# Bravada AWD Plowing



## 365years (Nov 10, 2006)

Hello from lawnsite, first post here for me. Love them both.

I don't plow commercially, but I do have a few hundred feet of driveway I have to plow. I currently have an old 92 4.0 Blazer with a light 6 1/2 foot plow on it. It's nothing special, I can't even angle it, just straight plowing and height control. It does everything I want, but the body and frame have seen better days. When those days end without notice in the winter, I do have an old Simplicity tractor to fill in, but then I am in the weather.

I just picked up a 94 Oldsmobile Bravada (sister of the Blazer), for free because it has a bad engine bearing. My Blazer has a good motor, and I plan on swapping it to the Bravada next year, but the Bravada doesn't have on/off 4WD, but AWD.

I have never used a vehicle with AWD, so my question is will it work? I assume the front drive won't engage until it senses slippage, which I think may be too late. I don't think the wheels will slip until I have stopped because I can't push the pile anymore which would be too late. Plus the constant on/off can't be good for the transfer case.
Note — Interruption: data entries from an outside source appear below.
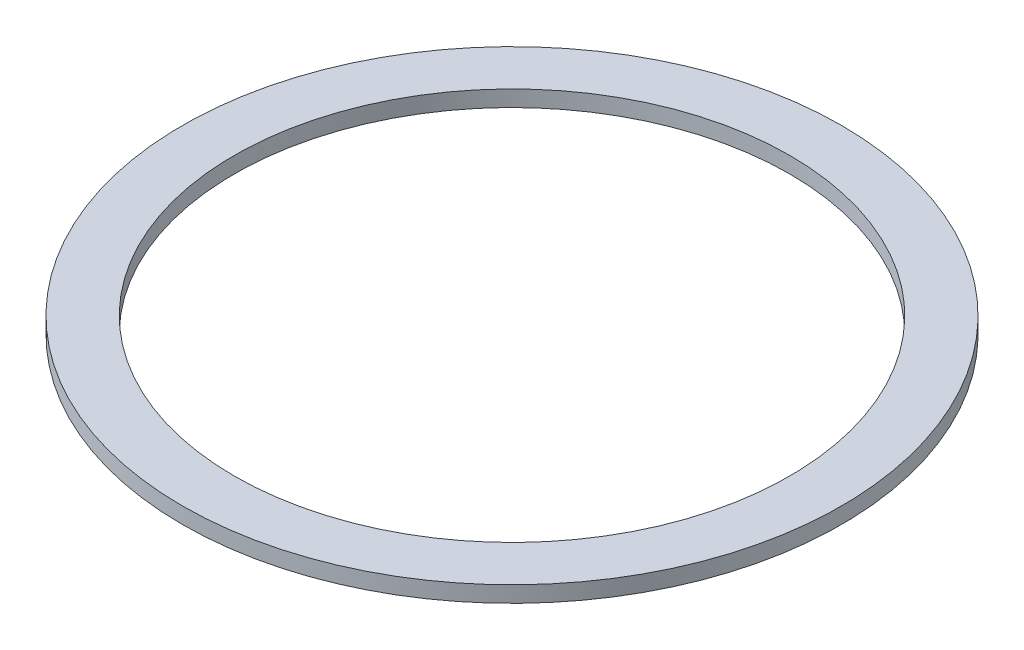
ISO-10303-21;
HEADER;
FILE_DESCRIPTION(('STEP AP214'),'2;1');
FILE_NAME('part.step','',(''),(''),'','','');
FILE_SCHEMA(('AUTOMOTIVE_DESIGN { 1 0 10303 214 1 1 1 1 }'));
ENDSEC;
DATA;
#1=APPLICATION_CONTEXT('core data for automotive mechanical design processes');
#2=APPLICATION_PROTOCOL_DEFINITION('international standard','automotive_design',2000,#1);
#3=PRODUCT_CONTEXT('',#1,'mechanical');
#4=PRODUCT('Part','Part','',(#3));
#5=PRODUCT_RELATED_PRODUCT_CATEGORY('part','',(#4));
#6=PRODUCT_DEFINITION_FORMATION('','',#4);
#7=PRODUCT_DEFINITION_CONTEXT('part definition',#1,'design');
#8=PRODUCT_DEFINITION('design','',#6,#7);
#9=PRODUCT_DEFINITION_SHAPE('','',#8);
#10=(LENGTH_UNIT() NAMED_UNIT(*) SI_UNIT(.MILLI.,.METRE.));
#11=(NAMED_UNIT(*) PLANE_ANGLE_UNIT() SI_UNIT($,.RADIAN.));
#12=(NAMED_UNIT(*) SI_UNIT($,.STERADIAN.) SOLID_ANGLE_UNIT());
#13=UNCERTAINTY_MEASURE_WITH_UNIT(LENGTH_MEASURE(1.E-05),#10,'distance_accuracy_value','');
#14=(GEOMETRIC_REPRESENTATION_CONTEXT(3) GLOBAL_UNCERTAINTY_ASSIGNED_CONTEXT((#13)) GLOBAL_UNIT_ASSIGNED_CONTEXT((#10,
#11,#12)) REPRESENTATION_CONTEXT('',''));
#15=CARTESIAN_POINT('',(0.,0.,0.));
#16=DIRECTION('',(0.,0.,1.));
#17=DIRECTION('',(1.,0.,0.));
#18=AXIS2_PLACEMENT_3D('',#15,#16,#17);
#19=CARTESIAN_POINT('',(0.,1.6,0.));
#20=DIRECTION('',(0.,1.,0.));
#21=DIRECTION('',(0.,0.,1.));
#22=AXIS2_PLACEMENT_3D('',#19,#20,#21);
#23=PLANE('',#22);
#24=CARTESIAN_POINT('',(0.,1.6,0.));
#25=DIRECTION('',(0.,1.,0.));
#26=DIRECTION('',(0.,0.,1.));
#27=AXIS2_PLACEMENT_3D('',#24,#25,#26);
#28=CIRCLE('',#27,32.75);
#29=CARTESIAN_POINT('',(0.,1.6,32.75));
#30=VERTEX_POINT('',#29);
#31=EDGE_CURVE('E10',#30,#30,#28,.T.);
#32=ORIENTED_EDGE('',*,*,#31,.T.);
#33=EDGE_LOOP('',(#32));
#34=FACE_BOUND('',#33,.T.);
#35=CARTESIAN_POINT('',(0.,1.6,0.));
#36=DIRECTION('',(0.,1.,0.));
#37=DIRECTION('',(0.,0.,1.));
#38=AXIS2_PLACEMENT_3D('',#35,#36,#37);
#39=CIRCLE('',#38,27.6);
#40=CARTESIAN_POINT('',(0.,1.6,27.6));
#41=VERTEX_POINT('',#40);
#42=EDGE_CURVE('E42',#41,#41,#39,.T.);
#43=ORIENTED_EDGE('',*,*,#42,.F.);
#44=EDGE_LOOP('',(#43));
#45=FACE_BOUND('',#44,.T.);
#46=ADVANCED_FACE('F31',(#34,#45),#23,.T.);
#47=CARTESIAN_POINT('',(0.,0.,0.));
#48=DIRECTION('',(0.,1.,0.));
#49=DIRECTION('',(0.,0.,1.));
#50=AXIS2_PLACEMENT_3D('',#47,#48,#49);
#51=PLANE('',#50);
#52=CARTESIAN_POINT('',(0.,0.,0.));
#53=DIRECTION('',(0.,1.,0.));
#54=DIRECTION('',(0.,0.,1.));
#55=AXIS2_PLACEMENT_3D('',#52,#53,#54);
#56=CIRCLE('',#55,32.75);
#57=CARTESIAN_POINT('',(0.,0.,32.75));
#58=VERTEX_POINT('',#57);
#59=EDGE_CURVE('E35',#58,#58,#56,.T.);
#60=ORIENTED_EDGE('',*,*,#59,.F.);
#61=EDGE_LOOP('',(#60));
#62=FACE_BOUND('',#61,.T.);
#63=CARTESIAN_POINT('',(0.,0.,0.));
#64=DIRECTION('',(0.,1.,0.));
#65=DIRECTION('',(0.,0.,1.));
#66=AXIS2_PLACEMENT_3D('',#63,#64,#65);
#67=CIRCLE('',#66,27.6);
#68=CARTESIAN_POINT('',(0.,0.,27.6));
#69=VERTEX_POINT('',#68);
#70=EDGE_CURVE('E44',#69,#69,#67,.T.);
#71=ORIENTED_EDGE('',*,*,#70,.T.);
#72=EDGE_LOOP('',(#71));
#73=FACE_BOUND('',#72,.T.);
#74=ADVANCED_FACE('F54',(#62,#73),#51,.F.);
#75=CARTESIAN_POINT('',(0.,1.6,0.));
#76=DIRECTION('',(0.,-1.,0.));
#77=DIRECTION('',(0.,0.,-1.));
#78=AXIS2_PLACEMENT_3D('',#75,#76,#77);
#79=CYLINDRICAL_SURFACE('',#78,32.75);
#80=ORIENTED_EDGE('',*,*,#31,.F.);
#81=EDGE_LOOP('',(#80));
#82=FACE_BOUND('',#81,.T.);
#83=ORIENTED_EDGE('',*,*,#59,.T.);
#84=EDGE_LOOP('',(#83));
#85=FACE_BOUND('',#84,.T.);
#86=ADVANCED_FACE('F33',(#82,#85),#79,.T.);
#87=CARTESIAN_POINT('',(0.,1.6,0.));
#88=DIRECTION('',(0.,-1.,0.));
#89=DIRECTION('',(0.,0.,-1.));
#90=AXIS2_PLACEMENT_3D('',#87,#88,#89);
#91=CYLINDRICAL_SURFACE('',#90,27.6);
#92=ORIENTED_EDGE('',*,*,#42,.T.);
#93=EDGE_LOOP('',(#92));
#94=FACE_BOUND('',#93,.T.);
#95=ORIENTED_EDGE('',*,*,#70,.F.);
#96=EDGE_LOOP('',(#95));
#97=FACE_BOUND('',#96,.T.);
#98=ADVANCED_FACE('F50',(#94,#97),#91,.F.);
#99=CLOSED_SHELL('',(#46,#74,#86,#98));
#100=MANIFOLD_SOLID_BREP('B2',#99);
#101=ADVANCED_BREP_SHAPE_REPRESENTATION('',(#18,#100),#14);
#102=SHAPE_DEFINITION_REPRESENTATION(#9,#101);
ENDSEC;
END-ISO-10303-21;

Another option is to swap out the transfer case with the motor, but that won't stay locked in either. Something is wrong in there, which is another reason to scrap the Blazer. A third option is to "trick" the AWD to go on. There must be a sensor or something to make the front wheels drive. Is that possible?

So my options at the moment are:

1) Don't worry about it, it will plow fine for my needs as is.
2) Use the transfer case from the Blazer.
3) Trick the AWD to always engage the front axle, but how.
4) Stop being cheap and buy a real truck.

Thanks for everyone's help.


----------



## lawnmedic (Jan 9, 2004)

AWD is just that All Wheel Drive. Power is supplied both front and rear drive shafts. Normal split is 60% rear and 40% front. The probable difference between the two systems is the 4wd system should lock the 2 front axle shafts when engaged, supplying power to both front wheels. The AWD system uses an open differential which will only supply power to one of the front tires at a time.


----------



## 04superduty (Jan 9, 2004)

lawnmedic said:


> AWD is just that All Wheel Drive. Power is supplied both front and rear drive shafts. Normal split is 60% rear and 40% front. The probable difference between the two systems is the 4wd system should lock the 2 front axle shafts when engaged, supplying power to both front wheels. The AWD system uses an open differential which will only supply power to one of the front tires at a time.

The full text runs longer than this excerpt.